___ Material provided ___
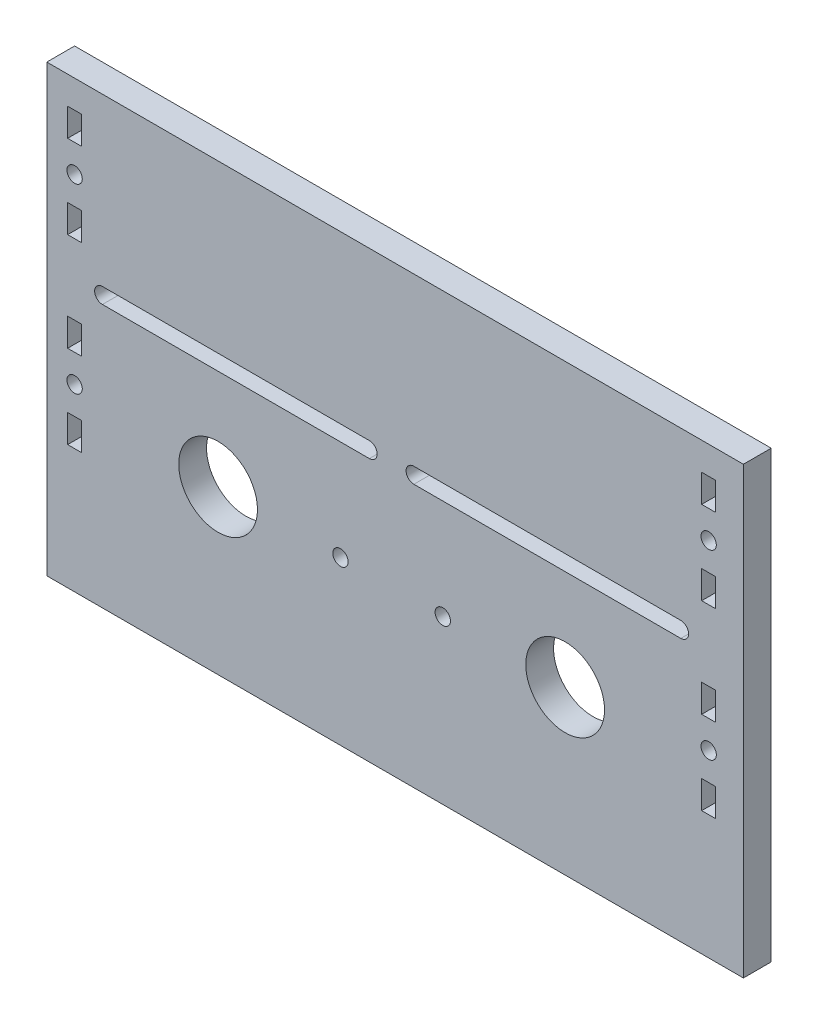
ISO-10303-21;
HEADER;
FILE_DESCRIPTION(('STEP AP214'),'2;1');
FILE_NAME('part.step','',(''),(''),'','','');
FILE_SCHEMA(('AUTOMOTIVE_DESIGN { 1 0 10303 214 1 1 1 1 }'));
ENDSEC;
DATA;
#1=APPLICATION_CONTEXT('core data for automotive mechanical design processes');
#2=APPLICATION_PROTOCOL_DEFINITION('international standard','automotive_design',2000,#1);
#3=PRODUCT_CONTEXT('',#1,'mechanical');
#4=PRODUCT('Part','Part','',(#3));
#5=PRODUCT_RELATED_PRODUCT_CATEGORY('part','',(#4));
#6=PRODUCT_DEFINITION_FORMATION('','',#4);
#7=PRODUCT_DEFINITION_CONTEXT('part definition',#1,'design');
#8=PRODUCT_DEFINITION('design','',#6,#7);
#9=PRODUCT_DEFINITION_SHAPE('','',#8);
#10=(LENGTH_UNIT() NAMED_UNIT(*) SI_UNIT(.MILLI.,.METRE.));
#11=(NAMED_UNIT(*) PLANE_ANGLE_UNIT() SI_UNIT($,.RADIAN.));
#12=(NAMED_UNIT(*) SI_UNIT($,.STERADIAN.) SOLID_ANGLE_UNIT());
#13=UNCERTAINTY_MEASURE_WITH_UNIT(LENGTH_MEASURE(1.E-05),#10,'distance_accuracy_value','');
#14=(GEOMETRIC_REPRESENTATION_CONTEXT(3) GLOBAL_UNCERTAINTY_ASSIGNED_CONTEXT((#13)) GLOBAL_UNIT_ASSIGNED_CONTEXT((#10,
#11,#12)) REPRESENTATION_CONTEXT('',''));
#15=CARTESIAN_POINT('',(0.,0.,0.));
#16=DIRECTION('',(0.,0.,1.));
#17=DIRECTION('',(1.,0.,0.));
#18=AXIS2_PLACEMENT_3D('',#15,#16,#17);
#19=CARTESIAN_POINT('',(-180.467167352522,-39.1474472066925,4.7625));
#20=DIRECTION('',(0.,0.,1.));
#21=DIRECTION('',(1.,0.,0.));
#22=AXIS2_PLACEMENT_3D('',#19,#20,#21);
#23=PLANE('',#22);
#24=CARTESIAN_POINT('',(-104.902167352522,-18.6306280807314,4.7625));
#25=DIRECTION('',(0.,0.,1.));
#26=DIRECTION('',(1.,0.,0.));
#27=AXIS2_PLACEMENT_3D('',#24,#25,#26);
#28=CIRCLE('',#27,0.876300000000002);
#29=CARTESIAN_POINT('',(-104.025867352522,-18.6306280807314,4.7625));
#30=VERTEX_POINT('',#29);
#31=EDGE_CURVE('E723',#30,#30,#28,.F.);
#32=ORIENTED_EDGE('',*,*,#31,.T.);
#33=EDGE_LOOP('',(#32));
#34=FACE_BOUND('',#33,.T.);
#35=DIRECTION('',(0.,1.,0.));
#36=VECTOR('',#35,1.);
#37=CARTESIAN_POINT('',(-105.695917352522,-39.1474472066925,4.7625));
#38=LINE('',#37,#36);
#39=CARTESIAN_POINT('',(-105.695917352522,-15.4556280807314,4.7625));
#40=VERTEX_POINT('',#39);
#41=CARTESIAN_POINT('',(-105.695917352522,-12.2806280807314,4.7625));
#42=VERTEX_POINT('',#41);
#43=EDGE_CURVE('E661',#40,#42,#38,.T.);
#44=ORIENTED_EDGE('',*,*,#43,.T.);
#45=DIRECTION('',(1.,0.,0.));
#46=VECTOR('',#45,1.);
#47=CARTESIAN_POINT('',(-180.467167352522,-12.2806280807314,4.7625));
#48=LINE('',#47,#46);
#49=CARTESIAN_POINT('',(-104.108417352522,-12.2806280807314,4.7625));
#50=VERTEX_POINT('',#49);
#51=EDGE_CURVE('E658',#42,#50,#48,.T.);
#52=ORIENTED_EDGE('',*,*,#51,.T.);
#53=DIRECTION('',(0.,-1.,0.));
#54=VECTOR('',#53,1.);
#55=CARTESIAN_POINT('',(-104.108417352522,-39.1474472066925,4.7625));
#56=LINE('',#55,#54);
#57=CARTESIAN_POINT('',(-104.108417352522,-15.4556280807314,4.7625));
#58=VERTEX_POINT('',#57);
#59=EDGE_CURVE('E667',#50,#58,#56,.T.);
#60=ORIENTED_EDGE('',*,*,#59,.T.);
#61=DIRECTION('',(-1.,0.,0.));
#62=VECTOR('',#61,1.);
#63=CARTESIAN_POINT('',(-180.467167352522,-15.4556280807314,4.7625));
#64=LINE('',#63,#62);
#65=EDGE_CURVE('E664',#58,#40,#64,.T.);
#66=ORIENTED_EDGE('',*,*,#65,.T.);
#67=EDGE_LOOP('',(#44,#52,#60,#66));
#68=FACE_BOUND('',#67,.T.);
#69=DIRECTION('',(-1.,0.,0.));
#70=VECTOR('',#69,1.);
#71=CARTESIAN_POINT('',(-180.467167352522,-4.22244720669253,4.7625));
#72=LINE('',#71,#70);
#73=CARTESIAN_POINT('',(-104.108417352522,-4.22244720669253,4.7625));
#74=VERTEX_POINT('',#73);
#75=CARTESIAN_POINT('',(-105.695917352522,-4.22244720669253,4.7625));
#76=VERTEX_POINT('',#75);
#77=EDGE_CURVE('E622',#74,#76,#72,.T.);
#78=ORIENTED_EDGE('',*,*,#77,.T.);
#79=DIRECTION('',(0.,1.,0.));
#80=VECTOR('',#79,1.);
#81=CARTESIAN_POINT('',(-105.695917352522,-39.1474472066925,4.7625));
#82=LINE('',#81,#80);
#83=CARTESIAN_POINT('',(-105.695917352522,-1.04744720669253,4.7625));
#84=VERTEX_POINT('',#83);
#85=EDGE_CURVE('E619',#76,#84,#82,.T.);
#86=ORIENTED_EDGE('',*,*,#85,.T.);
#87=DIRECTION('',(1.,0.,0.));
#88=VECTOR('',#87,1.);
#89=CARTESIAN_POINT('',(-180.467167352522,-1.04744720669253,4.7625));
#90=LINE('',#89,#88);
#91=CARTESIAN_POINT('',(-104.108417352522,-1.04744720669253,4.7625));
#92=VERTEX_POINT('',#91);
#93=EDGE_CURVE('E628',#84,#92,#90,.T.);
#94=ORIENTED_EDGE('',*,*,#93,.T.);
#95=DIRECTION('',(0.,-1.,0.));
#96=VECTOR('',#95,1.);
#97=CARTESIAN_POINT('',(-104.108417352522,-39.1474472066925,4.7625));
#98=LINE('',#97,#96);
#99=EDGE_CURVE('E625',#92,#74,#98,.T.);
#100=ORIENTED_EDGE('',*,*,#99,.T.);
#101=EDGE_LOOP('',(#78,#86,#94,#100));
#102=FACE_BOUND('',#101,.T.);
#103=CARTESIAN_POINT('',(-121.285167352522,-20.570537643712,4.7625));
#104=DIRECTION('',(0.,0.,1.));
#105=DIRECTION('',(1.,0.,0.));
#106=AXIS2_PLACEMENT_3D('',#103,#104,#105);
#107=CIRCLE('',#106,4.4958);
#108=CARTESIAN_POINT('',(-116.789367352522,-20.570537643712,4.7625));
#109=VERTEX_POINT('',#108);
#110=EDGE_CURVE('E580',#109,#109,#107,.F.);
#111=ORIENTED_EDGE('',*,*,#110,.T.);
#112=EDGE_LOOP('',(#111));
#113=FACE_BOUND('',#112,.T.);
#114=CARTESIAN_POINT('',(-146.939167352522,-20.570537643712,4.7625));
#115=DIRECTION('',(0.,0.,1.));
#116=DIRECTION('',(1.,0.,0.));
#117=AXIS2_PLACEMENT_3D('',#114,#115,#116);
#118=CIRCLE('',#117,0.876300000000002);
#119=CARTESIAN_POINT('',(-146.062867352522,-20.570537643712,4.7625));
#120=VERTEX_POINT('',#119);
#121=EDGE_CURVE('E568',#120,#120,#118,.F.);
#122=ORIENTED_EDGE('',*,*,#121,.T.);
#123=EDGE_LOOP('',(#122));
#124=FACE_BOUND('',#123,.T.);
#125=DIRECTION('',(-1.,0.,0.));
#126=VECTOR('',#125,1.);
#127=CARTESIAN_POINT('',(-180.467167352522,-9.14053764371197,4.7625));
#128=LINE('',#127,#126);
#129=CARTESIAN_POINT('',(-143.637167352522,-9.14053764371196,4.7625));
#130=VERTEX_POINT('',#129);
#131=CARTESIAN_POINT('',(-174.117167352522,-9.14053764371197,4.7625));
#132=VERTEX_POINT('',#131);
#133=EDGE_CURVE('E505',#130,#132,#128,.T.);
#134=ORIENTED_EDGE('',*,*,#133,.T.);
#135=CARTESIAN_POINT('',(-174.117167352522,-8.25153764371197,4.7625));
#136=DIRECTION('',(0.,0.,1.));
#137=DIRECTION('',(1.,0.,0.));
#138=AXIS2_PLACEMENT_3D('',#135,#136,#137);
#139=CIRCLE('',#138,0.889000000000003);
#140=CARTESIAN_POINT('',(-174.117167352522,-7.36253764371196,4.7625));
#141=VERTEX_POINT('',#140);
#142=EDGE_CURVE('E502',#132,#141,#139,.F.);
#143=ORIENTED_EDGE('',*,*,#142,.T.);
#144=DIRECTION('',(1.,0.,0.));
#145=VECTOR('',#144,1.);
#146=CARTESIAN_POINT('',(-180.467167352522,-7.36253764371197,4.7625));
#147=LINE('',#146,#145);
#148=CARTESIAN_POINT('',(-143.637167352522,-7.36253764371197,4.7625));
#149=VERTEX_POINT('',#148);
#150=EDGE_CURVE('E511',#141,#149,#147,.T.);
#151=ORIENTED_EDGE('',*,*,#150,.T.);
#152=CARTESIAN_POINT('',(-143.637167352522,-8.25153764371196,4.7625));
#153=DIRECTION('',(0.,0.,1.));
#154=DIRECTION('',(1.,0.,0.));
#155=AXIS2_PLACEMENT_3D('',#152,#153,#154);
#156=CIRCLE('',#155,0.889);
#157=EDGE_CURVE('E508',#149,#130,#156,.F.);
#158=ORIENTED_EDGE('',*,*,#157,.T.);
#159=EDGE_LOOP('',(#134,#143,#151,#158));
#160=FACE_BOUND('',#159,.T.);
#161=CARTESIAN_POINT('',(-160.909167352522,-20.570537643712,4.7625));
#162=DIRECTION('',(0.,0.,1.));
#163=DIRECTION('',(1.,0.,0.));
#164=AXIS2_PLACEMENT_3D('',#161,#162,#163);
#165=CIRCLE('',#164,4.49579999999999);
#166=CARTESIAN_POINT('',(-156.413367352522,-20.570537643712,4.7625));
#167=VERTEX_POINT('',#166);
#168=EDGE_CURVE('E490',#167,#167,#165,.F.);
#169=ORIENTED_EDGE('',*,*,#168,.T.);
#170=EDGE_LOOP('',(#169));
#171=FACE_BOUND('',#170,.T.);
#172=DIRECTION('',(-1.,0.,0.));
#173=VECTOR('',#172,1.);
#174=CARTESIAN_POINT('',(-180.467167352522,-15.4556280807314,4.7625));
#175=LINE('',#174,#173);
#176=CARTESIAN_POINT('',(-176.498417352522,-15.4556280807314,4.7625));
#177=VERTEX_POINT('',#176);
#178=CARTESIAN_POINT('',(-178.085917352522,-15.4556280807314,4.7625));
#179=VERTEX_POINT('',#178);
#180=EDGE_CURVE('E427',#177,#179,#175,.T.);
#181=ORIENTED_EDGE('',*,*,#180,.T.);
#182=DIRECTION('',(0.,1.,0.));
#183=VECTOR('',#182,1.);
#184=CARTESIAN_POINT('',(-178.085917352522,-39.1474472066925,4.7625));
#185=LINE('',#184,#183);
#186=CARTESIAN_POINT('',(-178.085917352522,-12.2806280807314,4.7625));
#187=VERTEX_POINT('',#186);
#188=EDGE_CURVE('E424',#179,#187,#185,.T.);
#189=ORIENTED_EDGE('',*,*,#188,.T.);
#190=DIRECTION('',(1.,0.,0.));
#191=VECTOR('',#190,1.);
#192=CARTESIAN_POINT('',(-180.467167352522,-12.2806280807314,4.7625));
#193=LINE('',#192,#191);
#194=CARTESIAN_POINT('',(-176.498417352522,-12.2806280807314,4.7625));
#195=VERTEX_POINT('',#194);
#196=EDGE_CURVE('E433',#187,#195,#193,.T.);
#197=ORIENTED_EDGE('',*,*,#196,.T.);
#198=DIRECTION('',(0.,-1.,0.));
#199=VECTOR('',#198,1.);
#200=CARTESIAN_POINT('',(-176.498417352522,-39.1474472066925,4.7625));
#201=LINE('',#200,#199);
#202=EDGE_CURVE('E430',#195,#177,#201,.T.);
#203=ORIENTED_EDGE('',*,*,#202,.T.);
#204=EDGE_LOOP('',(#181,#189,#197,#203));
#205=FACE_BOUND('',#204,.T.);
#206=DIRECTION('',(-1.,0.,0.));
#207=VECTOR('',#206,1.);
#208=CARTESIAN_POINT('',(-180.467167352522,-4.22244720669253,4.7625));
#209=LINE('',#208,#207);
#210=CARTESIAN_POINT('',(-176.498417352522,-4.22244720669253,4.7625));
#211=VERTEX_POINT('',#210);
#212=CARTESIAN_POINT('',(-178.085917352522,-4.22244720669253,4.7625));
#213=VERTEX_POINT('',#212);
#214=EDGE_CURVE('E388',#211,#213,#209,.T.);
#215=ORIENTED_EDGE('',*,*,#214,.T.);
#216=DIRECTION('',(0.,1.,0.));
#217=VECTOR('',#216,1.);
#218=CARTESIAN_POINT('',(-178.085917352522,-39.1474472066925,4.7625));
#219=LINE('',#218,#217);
#220=CARTESIAN_POINT('',(-178.085917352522,-1.04744720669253,4.7625));
#221=VERTEX_POINT('',#220);
#222=EDGE_CURVE('E385',#213,#221,#219,.T.);
#223=ORIENTED_EDGE('',*,*,#222,.T.);
#224=DIRECTION('',(1.,0.,0.));
#225=VECTOR('',#224,1.);
#226=CARTESIAN_POINT('',(-180.467167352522,-1.04744720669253,4.7625));
#227=LINE('',#226,#225);
#228=CARTESIAN_POINT('',(-176.498417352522,-1.04744720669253,4.7625));
#229=VERTEX_POINT('',#228);
#230=EDGE_CURVE('E394',#221,#229,#227,.T.);
#231=ORIENTED_EDGE('',*,*,#230,.T.);
#232=DIRECTION('',(0.,-1.,0.));
#233=VECTOR('',#232,1.);
#234=CARTESIAN_POINT('',(-176.498417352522,-39.1474472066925,4.7625));
#235=LINE('',#234,#233);
#236=EDGE_CURVE('E391',#229,#211,#235,.T.);
#237=ORIENTED_EDGE('',*,*,#236,.T.);
#238=EDGE_LOOP('',(#215,#223,#231,#237));
#239=FACE_BOUND('',#238,.T.);
#240=DIRECTION('',(-1.,0.,0.));
#241=VECTOR('',#240,1.);
#242=CARTESIAN_POINT('',(-180.467167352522,5.30255279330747,4.7625));
#243=LINE('',#242,#241);
#244=CARTESIAN_POINT('',(-176.498417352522,5.30255279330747,4.7625));
#245=VERTEX_POINT('',#244);
#246=CARTESIAN_POINT('',(-178.085917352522,5.30255279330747,4.7625));
#247=VERTEX_POINT('',#246);
#248=EDGE_CURVE('E355',#245,#247,#243,.T.);
#249=ORIENTED_EDGE('',*,*,#248,.T.);
#250=DIRECTION('',(0.,1.,0.));
#251=VECTOR('',#250,1.);
#252=CARTESIAN_POINT('',(-178.085917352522,-39.1474472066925,4.7625));
#253=LINE('',#252,#251);
#254=CARTESIAN_POINT('',(-178.085917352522,8.47755279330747,4.7625));
#255=VERTEX_POINT('',#254);
#256=EDGE_CURVE('E336',#247,#255,#253,.T.);
#257=ORIENTED_EDGE('',*,*,#256,.T.);
#258=DIRECTION('',(1.,0.,0.));
#259=VECTOR('',#258,1.);
#260=CARTESIAN_POINT('',(-180.467167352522,8.47755279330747,4.7625));
#261=LINE('',#260,#259);
#262=CARTESIAN_POINT('',(-176.498417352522,8.47755279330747,4.7625));
#263=VERTEX_POINT('',#262);
#264=EDGE_CURVE('E361',#255,#263,#261,.T.);
#265=ORIENTED_EDGE('',*,*,#264,.T.);
#266=DIRECTION('',(0.,-1.,0.));
#267=VECTOR('',#266,1.);
#268=CARTESIAN_POINT('',(-176.498417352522,-39.1474472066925,4.7625));
#269=LINE('',#268,#267);
#270=EDGE_CURVE('E358',#263,#245,#269,.T.);
#271=ORIENTED_EDGE('',*,*,#270,.T.);
#272=EDGE_LOOP('',(#249,#257,#265,#271));
#273=FACE_BOUND('',#272,.T.);
#274=CARTESIAN_POINT('',(-177.292167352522,2.12755279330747,4.7625));
#275=DIRECTION('',(0.,0.,1.));
#276=DIRECTION('',(1.,0.,0.));
#277=AXIS2_PLACEMENT_3D('',#274,#275,#276);
#278=CIRCLE('',#277,0.876300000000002);
#279=CARTESIAN_POINT('',(-176.415867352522,2.12755279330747,4.7625));
#280=VERTEX_POINT('',#279);
#281=EDGE_CURVE('E418',#280,#280,#278,.F.);
#282=ORIENTED_EDGE('',*,*,#281,.T.);
#283=EDGE_LOOP('',(#282));
#284=FACE_BOUND('',#283,.T.);
#285=DIRECTION('',(0.,1.,0.));
#286=VECTOR('',#285,1.);
#287=CARTESIAN_POINT('',(-178.085917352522,-39.1474472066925,4.7625));
#288=LINE('',#287,#286);
#289=CARTESIAN_POINT('',(-178.085917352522,-24.9806280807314,4.7625));
#290=VERTEX_POINT('',#289);
#291=CARTESIAN_POINT('',(-178.085917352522,-21.8056280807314,4.7625));
#292=VERTEX_POINT('',#291);
#293=EDGE_CURVE('E460',#290,#292,#288,.T.);
#294=ORIENTED_EDGE('',*,*,#293,.T.);
#295=DIRECTION('',(1.,0.,0.));
#296=VECTOR('',#295,1.);
#297=CARTESIAN_POINT('',(-180.467167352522,-21.8056280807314,4.7625));
#298=LINE('',#297,#296);
#299=CARTESIAN_POINT('',(-176.498417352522,-21.8056280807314,4.7625));
#300=VERTEX_POINT('',#299);
#301=EDGE_CURVE('E457',#292,#300,#298,.T.);
#302=ORIENTED_EDGE('',*,*,#301,.T.);
#303=DIRECTION('',(0.,-1.,0.));
#304=VECTOR('',#303,1.);
#305=CARTESIAN_POINT('',(-176.498417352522,-39.1474472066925,4.7625));
#306=LINE('',#305,#304);
#307=CARTESIAN_POINT('',(-176.498417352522,-24.9806280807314,4.7625));
#308=VERTEX_POINT('',#307);
#309=EDGE_CURVE('E466',#300,#308,#306,.T.);
#310=ORIENTED_EDGE('',*,*,#309,.T.);
#311=DIRECTION('',(-1.,0.,0.));
#312=VECTOR('',#311,1.);
#313=CARTESIAN_POINT('',(-180.467167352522,-24.9806280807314,4.7625));
#314=LINE('',#313,#312);
#315=EDGE_CURVE('E463',#308,#290,#314,.T.);
#316=ORIENTED_EDGE('',*,*,#315,.T.);
#317=EDGE_LOOP('',(#294,#302,#310,#316));
#318=FACE_BOUND('',#317,.T.);
#319=CARTESIAN_POINT('',(-177.292167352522,-18.6306280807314,4.7625));
#320=DIRECTION('',(0.,0.,1.));
#321=DIRECTION('',(1.,0.,0.));
#322=AXIS2_PLACEMENT_3D('',#319,#320,#321);
#323=CIRCLE('',#322,0.876300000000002);
#324=CARTESIAN_POINT('',(-176.415867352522,-18.6306280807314,4.7625));
#325=VERTEX_POINT('',#324);
#326=EDGE_CURVE('E496',#325,#325,#323,.F.);
#327=ORIENTED_EDGE('',*,*,#326,.T.);
#328=EDGE_LOOP('',(#327));
#329=FACE_BOUND('',#328,.T.);
#330=DIRECTION('',(1.,0.,0.));
#331=VECTOR('',#330,1.);
#332=CARTESIAN_POINT('',(-180.467167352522,-7.36253764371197,4.7625));
#333=LINE('',#332,#331);
#334=CARTESIAN_POINT('',(-138.557167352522,-7.36253764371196,4.7625));
#335=VERTEX_POINT('',#334);
#336=CARTESIAN_POINT('',(-108.077167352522,-7.36253764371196,4.7625));
#337=VERTEX_POINT('',#336);
#338=EDGE_CURVE('E538',#335,#337,#333,.T.);
#339=ORIENTED_EDGE('',*,*,#338,.T.);
#340=CARTESIAN_POINT('',(-108.077167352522,-8.25153764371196,4.7625));
#341=DIRECTION('',(0.,0.,1.));
#342=DIRECTION('',(1.,0.,0.));
#343=AXIS2_PLACEMENT_3D('',#340,#341,#342);
#344=CIRCLE('',#343,0.889000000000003);
#345=CARTESIAN_POINT('',(-108.077167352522,-9.14053764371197,4.7625));
#346=VERTEX_POINT('',#345);
#347=EDGE_CURVE('E535',#337,#346,#344,.F.);
#348=ORIENTED_EDGE('',*,*,#347,.T.);
#349=DIRECTION('',(-1.,0.,0.));
#350=VECTOR('',#349,1.);
#351=CARTESIAN_POINT('',(-180.467167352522,-9.14053764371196,4.7625));
#352=LINE('',#351,#350);
#353=CARTESIAN_POINT('',(-138.557167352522,-9.14053764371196,4.7625));
#354=VERTEX_POINT('',#353);
#355=EDGE_CURVE('E544',#346,#354,#352,.T.);
#356=ORIENTED_EDGE('',*,*,#355,.T.);
#357=CARTESIAN_POINT('',(-138.557167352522,-8.25153764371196,4.7625));
#358=DIRECTION('',(0.,0.,1.));
#359=DIRECTION('',(1.,0.,0.));
#360=AXIS2_PLACEMENT_3D('',#357,#358,#359);
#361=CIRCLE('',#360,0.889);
___
All that is wanted is an exact copy of the lines from the line holding "#347=EDGE_CURVE('E535',#337,#346,#344,.F.);" through the end of the material above, including both.

#347=EDGE_CURVE('E535',#337,#346,#344,.F.);
#348=ORIENTED_EDGE('',*,*,#347,.T.);
#349=DIRECTION('',(-1.,0.,0.));
#350=VECTOR('',#349,1.);
#351=CARTESIAN_POINT('',(-180.467167352522,-9.14053764371196,4.7625));
#352=LINE('',#351,#350);
#353=CARTESIAN_POINT('',(-138.557167352522,-9.14053764371196,4.7625));
#354=VERTEX_POINT('',#353);
#355=EDGE_CURVE('E544',#346,#354,#352,.T.);
#356=ORIENTED_EDGE('',*,*,#355,.T.);
#357=CARTESIAN_POINT('',(-138.557167352522,-8.25153764371196,4.7625));
#358=DIRECTION('',(0.,0.,1.));
#359=DIRECTION('',(1.,0.,0.));
#360=AXIS2_PLACEMENT_3D('',#357,#358,#359);
#361=CIRCLE('',#360,0.889);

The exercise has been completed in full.